Sometimes a glaring real life example can get your attention more than any advice that you can be given by a professional. This can enter into the realm of estate planning and elder law from time to time, and there has been a news story circulating recently that fits the bill.
In August of 2018, a successful business person from Tampa, Florida named Richard Rappaport got married to Lin Helena Halfon. On the surface, there is nothing to see here, but it gets more interesting when you learn that Rappaport was 77 years old at the time, and Halfon was 26 years of age.
The marriage may have raised eyebrows, but it was not newsworthy until the actions of Ms. Halfon got the attention of the media. Shortly after the marriage, she attempted to cash more than $1 million worth of checks that were drawn from her husband’s account. Amscot said no, but an Orlando business was willing to cash over $660,000 worth of checks.
Authorities were alerted, and the young bride was arrested and taken into custody in Tampa at the beginning of December. She was charged with fraud along with money laundering and exploitation of an elder.
This is a story about a blatant act of alleged fraud, so it fits into a category that is not extremely common. However, the case underscores the need for proper planning if you are getting married to a much younger woman as a man of means.
A premarital agreement can certainly be part of the equation, and if you have children, a qualified terminable interest property trust can be quite useful. With this type of trust, you would convey funds into it and name a trustee to act as the administrator after your passing.

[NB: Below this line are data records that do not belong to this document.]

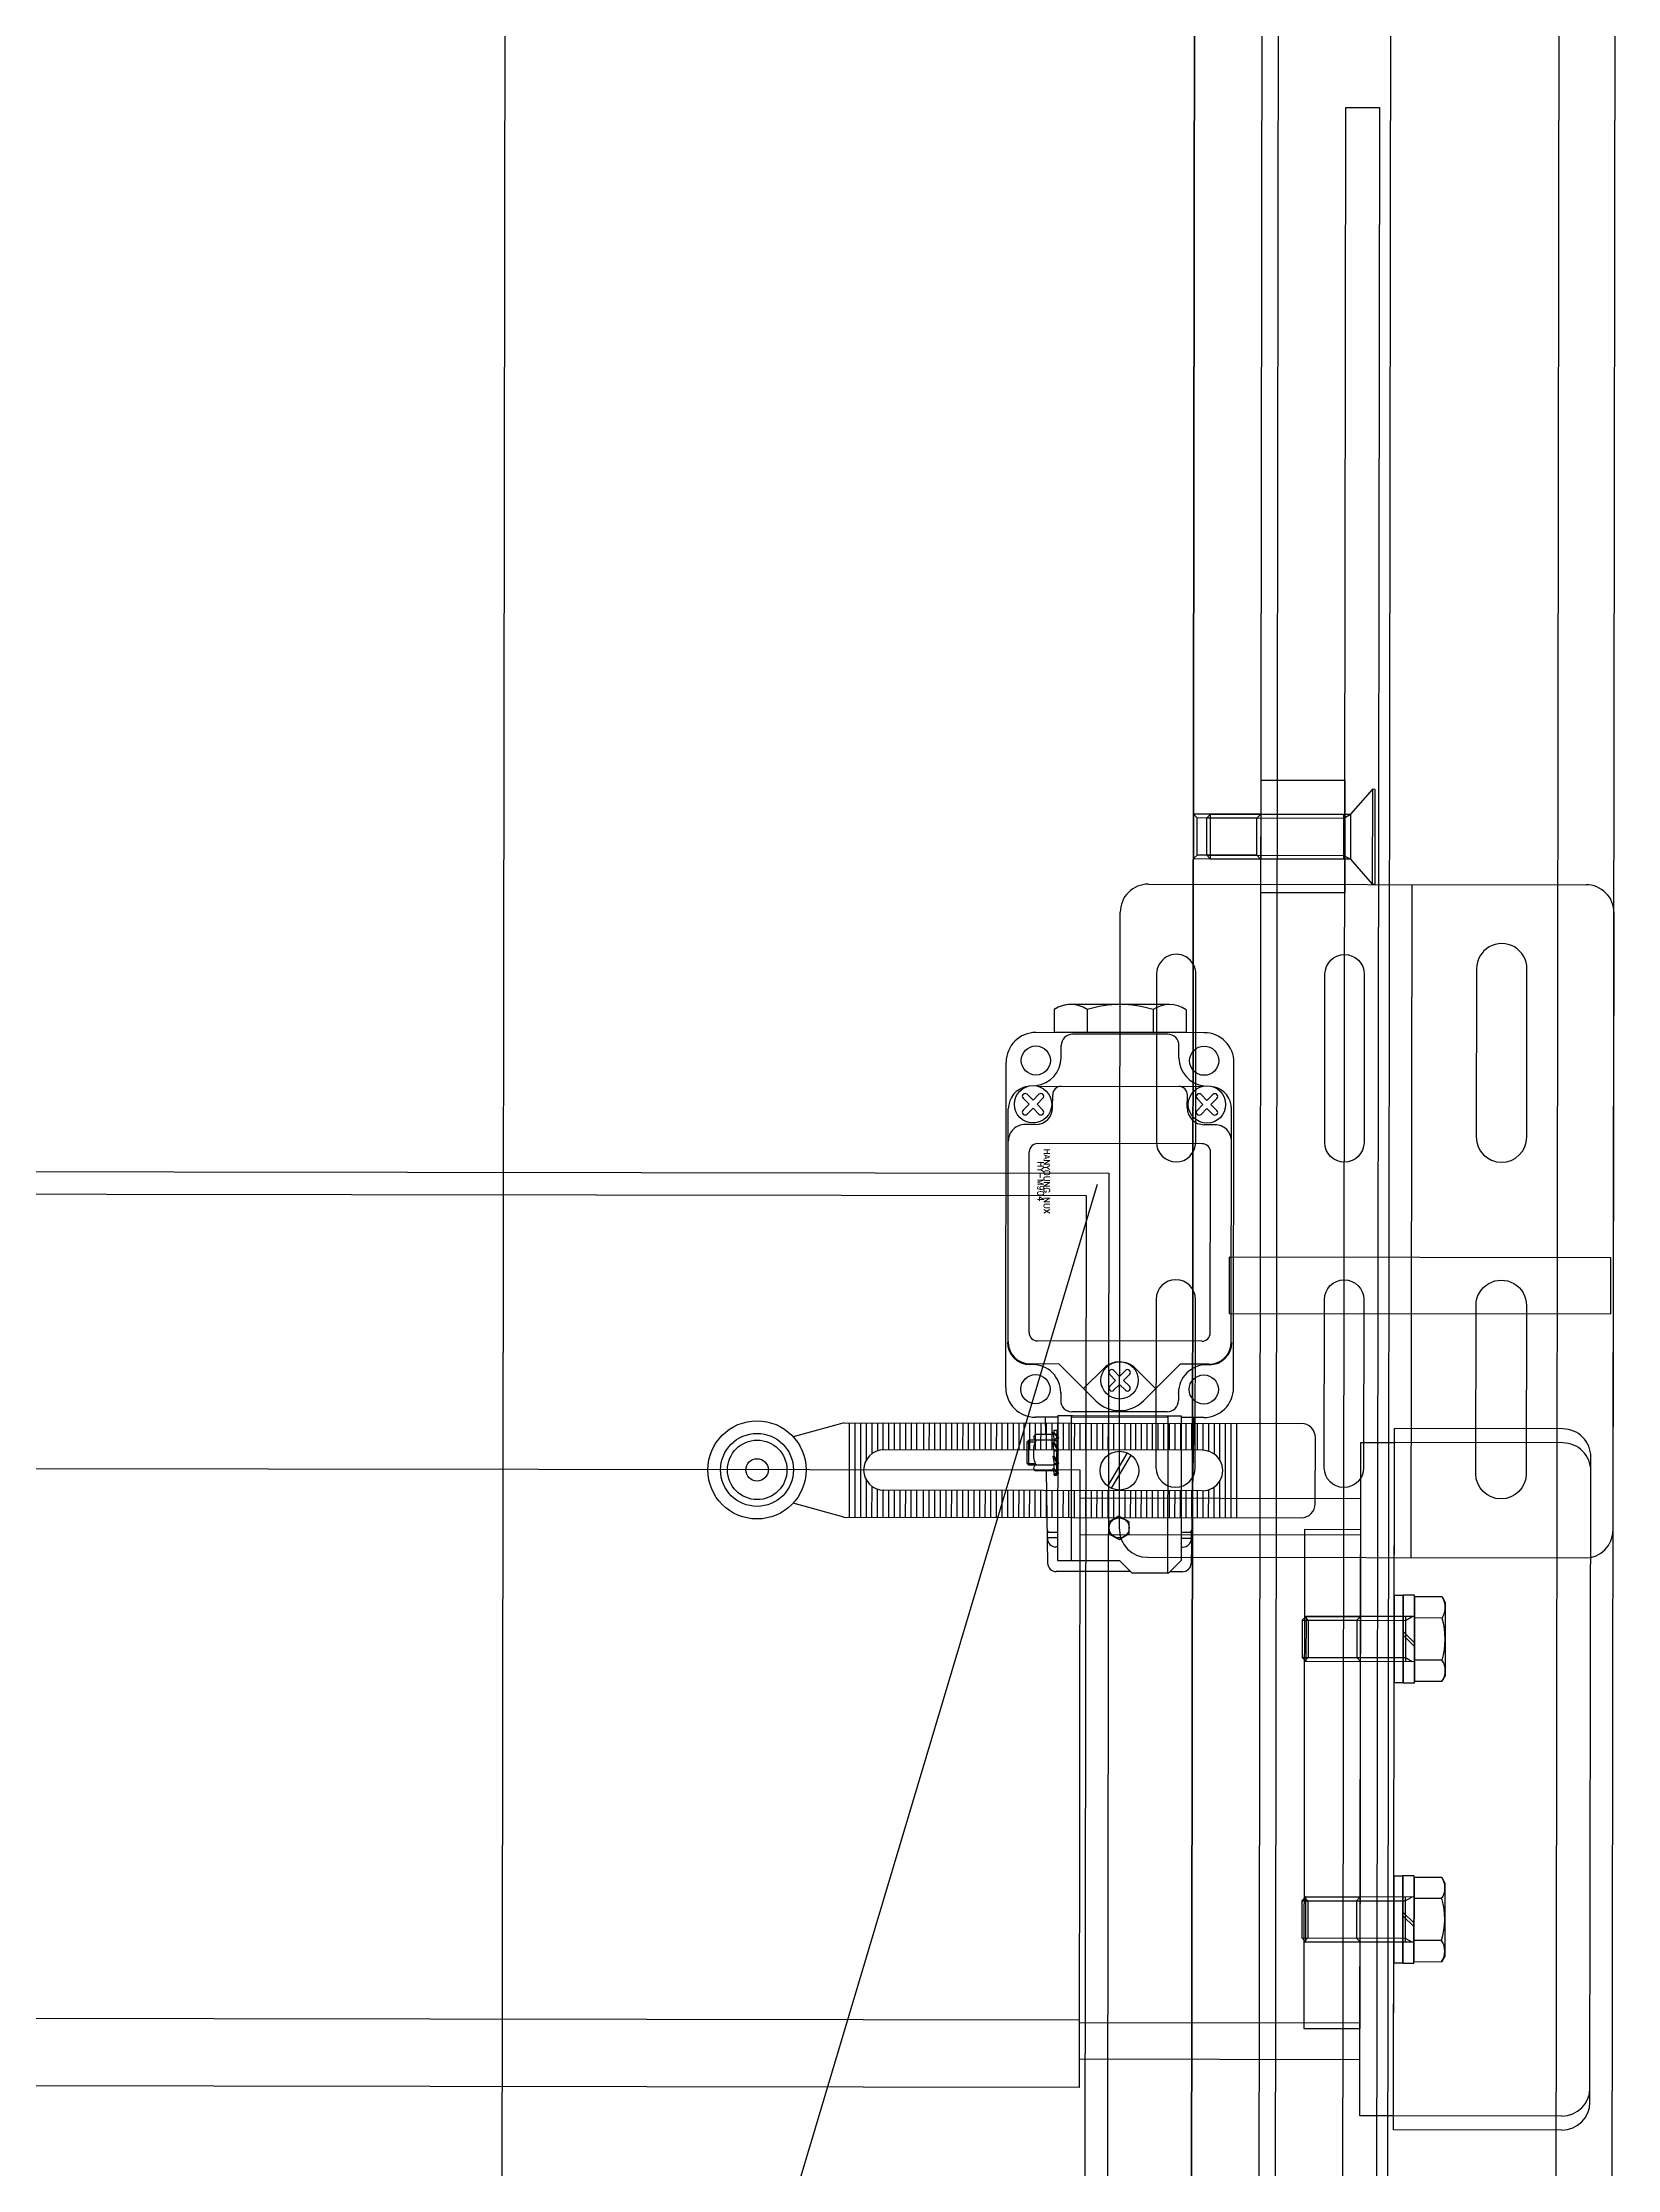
# Model space of a CAD drawing. Header units: millimetres. Extents: x 9 to 403, y 12 to 283.
# Drawn here: x 69.1955 to 69.4762, y 243.2821 to 243.6613 of the extents above; entities that cross this region are included whole.
import ezdxf
from ezdxf.enums import TextEntityAlignment as Align

# ---------------------------------------------------------------- set-up
doc = ezdxf.new("R2010")
doc.units = ezdxf.units.MM
doc.layers.add('SITE_20200109$0$22', color=40, linetype='Continuous')
doc.styles.add('SITE_20200109$0$ISOCP', font='simple', dxfattribs={"bigfont": 'KORfast'})

# ---------------------------------------------------------------- blocks, each defined once
blk = doc.blocks.new('SITE_20200109$0$A$C3D8971C')
at = {"color": 9, "linetype": 'Continuous'}
for p, q in [((1492, -960.5), (1492, -220.5)), ((1504, -960.5), (1504, -220.5)), ((1602, -960.5), (1602, -220.5)), ((1155, -815.5), (1653, -963.5)), ((1593.59, -918.4), (1596.07, -909.35)), ((1610.39, -918.4), (1607.91, -909.35)), ((1593.59, -918.4), (1593.59, -999.9)), ((1593.59, -919.4), (1610.39, -919.4)), ((1593.59, -920.4), (1610.39, -920.4)), ((1610.39, -918.4), (1610.39, -999.9)), ((1593.59, -921.4), (1610.39, -921.4)), ((1593.59, -922.4), (1600.16, -922.4)), ((1593.59, -923.4), (1599.07, -923.4)), ((1593.59, -924.4), (1598.56, -924.4)), ((1603.82, -922.4), (1610.39, -922.4)), ((1604.91, -923.4), (1610.39, -923.4)), ((1605.42, -924.4), (1610.39, -924.4)), ((1593.59, -925.4), (1598.39, -925.4)), ((1593.59, -926.4), (1598.39, -926.4)), ((1593.59, -927.4), (1598.39, -927.4)), ((1593.59, -928.4), (1598.39, -928.4)), ((1598.39, -982.3), (1598.39, -925.5)), ((1605.59, -925.4), (1610.39, -925.4)), ((1605.59, -982.3), (1605.59, -925.5)), ((1605.59, -926.4), (1610.39, -926.4)), ((1605.59, -927.4), (1610.39, -927.4)), ((1605.59, -928.4), (1610.39, -928.4)), ((1593.59, -929.4), (1598.39, -929.4)), ((1593.59, -930.4), (1598.39, -930.4)), ((1593.59, -931.4), (1598.39, -931.4)), ((1593.59, -931.8), (1593.59, -956.8)), ((1593.59, -932.6), (1598.39, -932.6)), ((1605.59, -929.4), (1610.39, -929.4)), ((1605.59, -930.4), (1610.39, -930.4)), ((1605.59, -931.4), (1610.39, -931.4)), ((1605.59, -932.6), (1610.39, -932.6)), ((1610.39, -931.8), (1610.39, -956.8)), ((1593.59, -933.6), (1598.39, -933.6)), ((1593.59, -934.6), (1598.39, -934.6)), ((1593.59, -935.6), (1598.39, -935.6)), ((1605.59, -933.6), (1610.39, -933.6)), ((1605.59, -934.6), (1610.39, -934.6)), ((1605.59, -935.6), (1610.39, -935.6)), ((1593.59, -936.6), (1598.39, -936.6)), ((1593.59, -937.6), (1598.39, -937.6)), ((1593.59, -938.6), (1598.39, -938.6)), ((1593.59, -939.6), (1598.39, -939.6)), ((1605.59, -936.6), (1610.39, -936.6)), ((1605.59, -937.6), (1610.39, -937.6)), ((1605.59, -938.6), (1610.39, -938.6)), ((1605.59, -939.6), (1610.39, -939.6)), ((1593.59, -940.6), (1598.39, -940.6)), ((1593.59, -941.6), (1598.39, -941.6)), ((1593.59, -941.6), (1598.39, -941.6)), ((1593.59, -942.6), (1598.39, -942.6)), ((1593.59, -943.6), (1598.39, -943.6)), ((1605.59, -940.6), (1610.39, -940.6)), ((1605.59, -941.6), (1610.39, -941.6)), ((1605.59, -941.6), (1610.39, -941.6)), ((1605.59, -942.6), (1610.39, -942.6)), ((1605.59, -943.6), (1610.39, -943.6)), ((1593.59, -944.6), (1598.39, -944.6)), ((1593.59, -945.6), (1598.39, -945.6)), ((1593.59, -946.6), (1598.39, -946.6)), ((1593.59, -947.6), (1598.39, -947.6)), ((1593.59, -947.6), (1598.39, -947.6)), ((1605.59, -944.6), (1610.39, -944.6)), ((1605.59, -945.6), (1610.39, -945.6)), ((1605.59, -946.6), (1610.39, -946.6)), ((1605.59, -947.6), (1610.39, -947.6)), ((1605.59, -947.6), (1610.39, -947.6)), ((1616.74, -947.2), (1674.74, -947.2)), ((1624.94, -947.6), (1666.44, -947.6)), ((1593.59, -948.6), (1598.39, -948.6)), ((1593.59, -949.6), (1598.39, -949.6)), ((1593.59, -950.5), (1598.39, -950.5)), ((1593.59, -951.5), (1598.39, -951.5)), ((1602.92, -951.32), (1603.22, -951.02)), ((1602.92, -952.65), (1602.92, -951.32)), ((1602.92, -951.32), (1607.35, -951.32)), ((1603.22, -951.02), (1603.22, -952.49)), ((1603.22, -951.02), (1607.05, -951.02)), ((1605.59, -948.6), (1610.39, -948.6)), ((1605.59, -949.6), (1610.39, -949.6)), ((1605.59, -950.5), (1610.39, -950.5)), ((1605.59, -951.5), (1610.39, -951.5)), ((1607.05, -951.02), (1607.05, -952.49)), ((1607.35, -951.32), (1607.05, -951.02)), ((1607.35, -952.65), (1607.35, -951.32)), ((1620.84, -952), (1620.84, -951.5)), ((1620.94, -956.71), (1620.94, -951.6)), ((1626.54, -951.35), (1658.74, -951.35)), ((1663.64, -952.5), (1663.64, -950.6)), ((1666.53, -952), (1665.47, -950.94)), ((1667.24, -951.29), (1666.18, -950.23)), ((1668.3, -950.23), (1667.24, -951.29)), ((1669.01, -950.94), (1667.95, -952)), ((1601.9, -954.42), (1585.41, -954.72)), ((1589.84, -954.67), (1590.94, -954.67)), ((1589.94, -956.5), (1589.94, -954.67)), ((1590.94, -954.67), (1590.94, -955.11)), ((1590.94, -955.11), (1590.94, -956.5)), ((1593.59, -952.5), (1598.39, -952.5)), ((1593.59, -953.5), (1598.39, -953.5)), ((1593.59, -953.5), (1598.39, -953.5)), ((1593.59, -954.5), (1598.39, -954.5)), ((1601.9, -955.71), (1601.9, -952.47)), ((1602.92, -955.86), (1602.92, -952.47)), ((1605.59, -952.5), (1610.39, -952.5)), ((1605.59, -953.5), (1610.39, -953.5)), ((1605.59, -953.5), (1610.39, -953.5)), ((1605.59, -954.5), (1610.39, -954.5)), ((1607.35, -955.85), (1607.35, -952.47)), ((1608.37, -956.21), (1608.37, -952.47)), ((1611.44, -954.25), (1608.37, -954.31)), ((1611.44, -956.5), (1611.44, -952.5)), ((1611.44, -956.5), (1611.44, -954.25)), ((1625.04, -982.15), (1625.04, -952.85)), ((1660.24, -982.15), (1660.24, -952.85)), ((1666.53, -952), (1665.47, -953.06)), ((1667.24, -952.71), (1666.18, -953.77)), ((1668.3, -953.77), (1667.24, -952.71)), ((1669.01, -953.06), (1667.95, -952)), ((1670.44, -952.9), (1670.44, -982.1)), ((1680.04, -982.5), (1680.04, -952.5)), ((1583.94, -969.5), (1583.94, -956.22)), ((1611.74, -956.5), (1585.94, -956.5)), ((1585.94, -956.5), (1585.94, -959.1)), ((1611.74, -958.9), (1585.94, -958.9)), ((1585.94, -958.9), (1585.94, -967.5)), ((1588.34, -956.5), (1588.34, -956.21)), ((1593.59, -955.5), (1598.39, -955.5)), ((1593.59, -956.5), (1598.39, -956.5)), ((1593.59, -957.5), (1598.39, -957.5)), ((1593.59, -958.5), (1598.39, -958.5)), ((1601.13, -955.86), (1601.13, -956.36)), ((1601.13, -955.86), (1601.32, -955.86)), ((1601.13, -956.36), (1609.18, -956.36)), ((1601.13, -956.36), (1601.21, -956.36)), ((1601.21, -956.36), (1601.32, -955.86)), ((1601.52, -956.62), (1601.21, -956.36)), ((1602.31, -955.61), (1601.32, -955.86)), ((1601.32, -955.86), (1601.56, -956.36)), ((1602.28, -955.86), (1601.52, -956.62)), ((1601.56, -956.36), (1601.52, -956.62)), ((1602.31, -955.61), (1601.56, -956.36)), ((1601.77, -956.36), (1602.87, -956.36)), ((1602.31, -955.61), (1602.28, -955.86)), ((1602.28, -955.86), (1603.12, -955.86)), ((1602.87, -956.36), (1603.12, -955.86)), ((1603.22, -956.62), (1602.87, -956.36)), ((1604.52, -955.61), (1603.12, -955.86)), ((1603.12, -955.86), (1603.3, -956.36)), ((1604.44, -955.86), (1603.22, -956.62)), ((1603.3, -956.36), (1603.22, -956.62)), ((1604.52, -955.61), (1603.3, -956.36)), ((1603.63, -956.36), (1605.28, -956.36)), ((1604.52, -955.61), (1604.44, -955.86)), ((1604.44, -955.86), (1605.49, -955.86)), ((1605.28, -956.36), (1605.49, -955.86)), ((1605.65, -956.62), (1605.28, -956.36)), ((1605.49, -955.86), (1606.96, -955.61)), ((1605.74, -956.36), (1605.49, -955.86)), ((1605.59, -955.5), (1610.39, -955.5)), ((1605.59, -956.5), (1610.39, -956.5)), ((1605.59, -957.5), (1610.39, -957.5)), ((1605.59, -958.5), (1610.39, -958.5)), ((1606.87, -955.86), (1605.65, -956.62)), ((1605.74, -956.36), (1605.65, -956.62)), ((1606.96, -955.61), (1605.74, -956.36)), ((1606.06, -956.36), (1607.13, -956.36)), ((1606.96, -955.61), (1606.87, -955.86)), ((1606.87, -955.86), (1607.28, -955.86)), ((1607.13, -956.36), (1607.28, -955.86)), ((1607.88, -956.62), (1607.13, -956.36)), ((1608.71, -955.61), (1607.28, -955.86)), ((1607.95, -956.36), (1607.28, -955.86)), ((1608.64, -955.86), (1607.88, -956.62)), ((1607.95, -956.36), (1607.88, -956.62)), ((1608.71, -955.61), (1607.95, -956.36)), ((1608.13, -956.36), (1609.13, -956.36)), ((1608.71, -955.61), (1608.64, -955.86)), ((1608.64, -955.86), (1609.13, -955.86)), ((1609.13, -955.86), (1609.13, -956.36)), ((1611.44, -971.1), (1611.44, -958.9)), ((1611.44, -976.1), (1611.44, -958.9)), ((1611.74, -956.5), (1611.74, -959.1)), ((1611.74, -958.9), (1611.74, -976.1)), ((1612.44, -976), (1612.44, -959)), ((1614.4, -963.26), (1620.94, -956.71)), ((1615.84, -957), (1614.44, -957)), ((1615.74, -957), (1615.84, -957)), ((1666.64, -955.5), (1668.94, -955.5)), ((1675.54, -957), (1677.74, -957)), ((1675.54, -957), (1675.74, -957)), ((1679.74, -976), (1679.74, -959)), ((1680.04, -967.5), (1680.04, -955.75)), ((1684.13, -955.75), (1680.04, -955.75)), ((1685.04, -976.31), (1685.04, -958.69)), ((1492, -960.5), (1602, -960.5)), ((1497, -1010.5), (1497, -960.5)), ((1503.5, -1010.5), (1503.5, -960.5)), ((1590.5, -1010.5), (1590.5, -960.5)), ((1593.59, -959.5), (1598.39, -959.5)), ((1593.59, -960.5), (1598.39, -960.5)), ((1593.59, -961.5), (1598.39, -961.5)), ((1593.59, -961.5), (1598.39, -961.5)), ((1593.59, -962.5), (1598.39, -962.5)), ((1597, -1010.5), (1597, -960.5)), ((1605.59, -959.5), (1610.39, -959.5)), ((1605.59, -960.5), (1610.39, -960.5)), ((1605.59, -961.5), (1610.39, -961.5)), ((1605.59, -961.5), (1610.39, -961.5)), ((1605.59, -962.5), (1610.39, -962.5)), ((1620.16, -964.67), (1616.57, -961.08)), ((1680.04, -975.43), (1680.04, -959.57)), ((1684.13, -961.62), (1680.04, -961.62)), ((1593.59, -963.5), (1598.39, -963.5)), ((1593.59, -964.5), (1598.39, -964.5)), ((1593.59, -965.5), (1598.39, -965.5)), ((1593.59, -966.5), (1598.39, -966.5)), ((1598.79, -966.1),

Your new spouse would be the initial beneficiary, and your children would be the final beneficiaries. If you do in fact predecease your spouse, the executor would be able to distribute the earnings from the principle to your spouse throughout the rest of their life. The survivor would also be allowed to utilize property that is owned by the trust.
Though the surviving spouse would be taken care of appropriately, they would not be able to change the terms of the trust in any way. After the death of the initial beneficiary, your children would inherit assets that remain in the trust. This is one potential course of action, but the ideal approach will depend upon the circumstances.
According to reports, the daughter of the victim stated that family members were not aware of the marriage. Though there are people that shield their activities from their loved ones, it is wise to open up about your financial intentions when you start to reach an advanced age.
We are well aware of the fact that family dynamics can be complicated, so this is not an absolute statement by any means. This being stated, as you can see from this instructive tale, a person who is caught up in an emotional situation may be able to benefit from some objective input.
The reports say nothing about the mental state of the victim, but many people in that age group experience cognitive impairment. There are steps that you can take in advance to empower representatives to handle your financial affairs in the event of your incapacity.